Eighteen studies met inclusion criteria, including 22,080 patients and 40,642 nerves at risk (NAR). Overall, 23,364 NARs (57.5%) underwent I-IONM, 17,176 (42.3%) No-NM and 98 (0.2%) underwent C-IONM. There were no significant differences between groups regarding the incidence of permanent RLN injury following thyroid surgery (I-IONM vs.No-NM, OR 0.84, 95% CrI 0.55-1.19; C-IONM vs. No-NM, OR 0.44, 95% CrI 0.02-5.00). Pooled analysis showed that IONM (I-IONM or C-IONM) demonstrated a protective effect versus No-NM in reducing the incidence of transient RLN injury (OR 0.75, 95% CI 0.59-0.97, p = 0.03).
IONM strategies did not significantly reduce the incidence of permanent RLN injury following thyroid surgery. However, the small number of C-IONM NARs limits conclusions that may be drawn. Further well-designed prospective studies will be required to definitively assess the utility of C-IONM.

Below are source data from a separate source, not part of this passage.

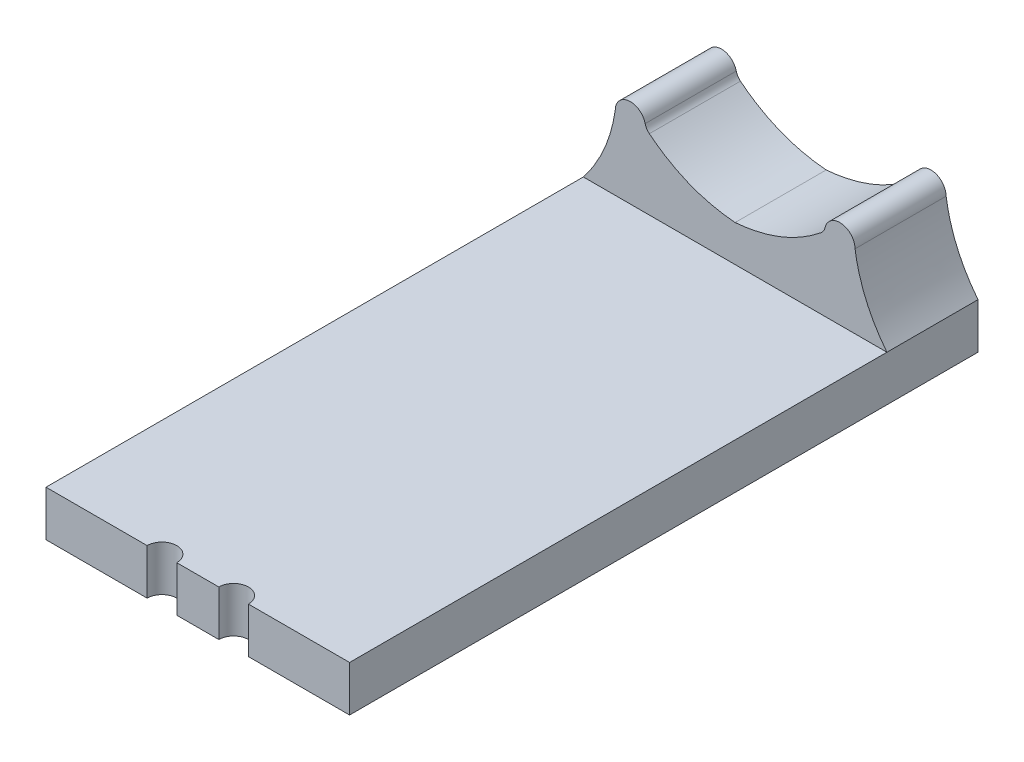
SolidWorks part; units mm, degrees
ref_plane "Front Plane" through (0, 0, 0) normal (0, 0, 1) x (1, 0, 0)
ref_plane "Top Plane" through (0, 0, 0) normal (0, 1, 0) x (1, 0, 0)
ref_plane "Right Plane" through (0, 0, 0) normal (1, 0, 0) x (0, 0, -1)
sketch "Sketch1" plane through (0, 0, 0) normal (0, 0, 1) x (1, 0, 0)
  line L0 (-996.8903, -40.64) -> (49003.1097, -40.64) construction
  line L1 (0, -1000) -> (0, 49000) construction
  line L2 (0, 0) -> (-23.4635, -40.64) construction
  line L3 (0, 0) -> (-40.64, -40.64) construction
  line L4 (-31.75, -53.34) -> (-31.75, -62.865)
  line L5 (-31.75, -62.865) -> (31.75, -62.865)
  line L6 (31.75, -53.34) -> (31.75, -62.865)
  line L7 (-957.5735, -46.99) -> (49042.4265, -46.99) construction
  circle A0 centre (0, 0) radius 40.64 construction
  arc A1 (-18.7325, -37.9449) -> (-25.0825, -37.9449) centre (-21.9075, -37.9449) ccw
  arc A2 (18.7325, -37.9449) -> (25.0825, -37.9449) centre (21.9075, -37.9449) cw
  spline S0 degree 2 poles (-18.7325, -37.9449) (-10.6333, -44.8669) (0, -45.72) knots 0 0 0 1 1 1
  spline S1 degree 2 poles (-25.0825, -37.9449) (-26.3403, -46.4785) (-31.75, -53.34) knots 0 0 0 1 1 1
  spline S2 degree 2 poles (25.0825, -37.9449) (26.3403, -46.4785) (31.75, -53.34) knots 0 0 0 1 1 1
  spline S3 degree 2 poles (18.7325, -37.9449) (10.6333, -44.8669) (0, -45.72) knots 0 0 0 1 1 1
  point P13 (0, -62.865)
  dimension "D1" = 81.28
  dimension "D3" = 6.35
  dimension "D5" = 5.08
  dimension "D2" = 30
  dimension "D4" = 45
  dimension "D6" = 31.75
  dimension "D7" = 9.525
  dimension "D8" = 12.7
  dimension "D9" = 6.35
extrude "Boss-Extrude1" add sketch "Sketch1" along normal mid plane 19.05
sketch "Sketch2" plane through (0, 0, 0) normal (0, 0, 1) x (1, 0, 0)
  line L1 (-31.75, -53.34) -> (31.75, -53.34)
  line L2 (-31.75, -53.34) -> (-31.75, -62.865)
  line L3 (-31.75, -62.865) -> (31.75, -62.865)
  line L4 (31.75, -53.34) -> (31.75, -62.865)
extrude "Boss-Extrude2" add sketch "Sketch2" along normal blind 121.92
fillet "Fillet2" radius 2.54 2 edges at (18.7325, -37.9449, 0) (-18.7325, -37.9449, 0)
sketch "Sketch3" plane through (0, -53.34, 0) normal (0, 1, 0) x (1, 0, 0)
  line L0 (31.75, -121.92) -> (-31.75, -121.92) construction
  line L1 (0, -9.525) -> (0, 9.525) construction
  circle A0 centre (7.5, -121.92) radius 3.1
  circle A1 centre (-7.5, -121.92) radius 3.1
  dimension "D1" = 6.2
  dimension "D2" = 7.5
extrude "Cut-Extrude1" cut sketch "Sketch3" against normal through all

喉返神经(RLN)损伤是甲状腺手术中令人恐惧的并发症,其发生率为 1-5%。目前保留 RLN 的方法包括 RLN 可视化但不进行神经监测(无神经监测,No-NM)、术中间歇性神经监测(I-IONM)和连续术中神经监测(C-IONM)。对于这些策略中哪一种应该是 RLN 保护的首选方法,存在着不确定性。
对 PubMed、Embase 和 Cochrane 协作数据库进行系统回顾,并根据 PRISMA 和 Cochrane 协作指南进行网络荟萃分析(NMA)。使用 R 包 netmeta 进行贝叶斯 NMA,结果表示为比值比(OR)和 95%可信区间(CrI)。仅纳入前瞻性研究。
18 项研究符合纳入标准,包括 22080 例患者和 40642 根风险神经(NAR)。总体而言,23364 根 NAR(57.5%)接受了 I-IONM,17176 根(42.3%)接受了 No-NM,98 根(0.2%)接受了 C-IONM。在甲状腺手术后 RLN 永久性损伤的发生率方面,各组之间没有显著差异(I-IONM 与 No-NM,OR 0.84,95% CrI 0.55-1.19;C-IONM 与 No-NM,OR 0.44,95% CrI 0.02-5.00)。汇总分析显示,与 No-NM 相比,IONM(I-IONM 或 C-IONM)在降低暂时性 RLN 损伤的发生率方面具有保护作用(OR 0.75,95%CI 0.59-0.97,p=0.03)。
IONM 策略并未显著降低甲状腺手术后 RLN 永久性损伤的发生率。然而,C-IONM NAR 的数量较少限制了可能得出的结论。需要进一步设计良好的前瞻性研究来明确评估 C-IONM 的效用。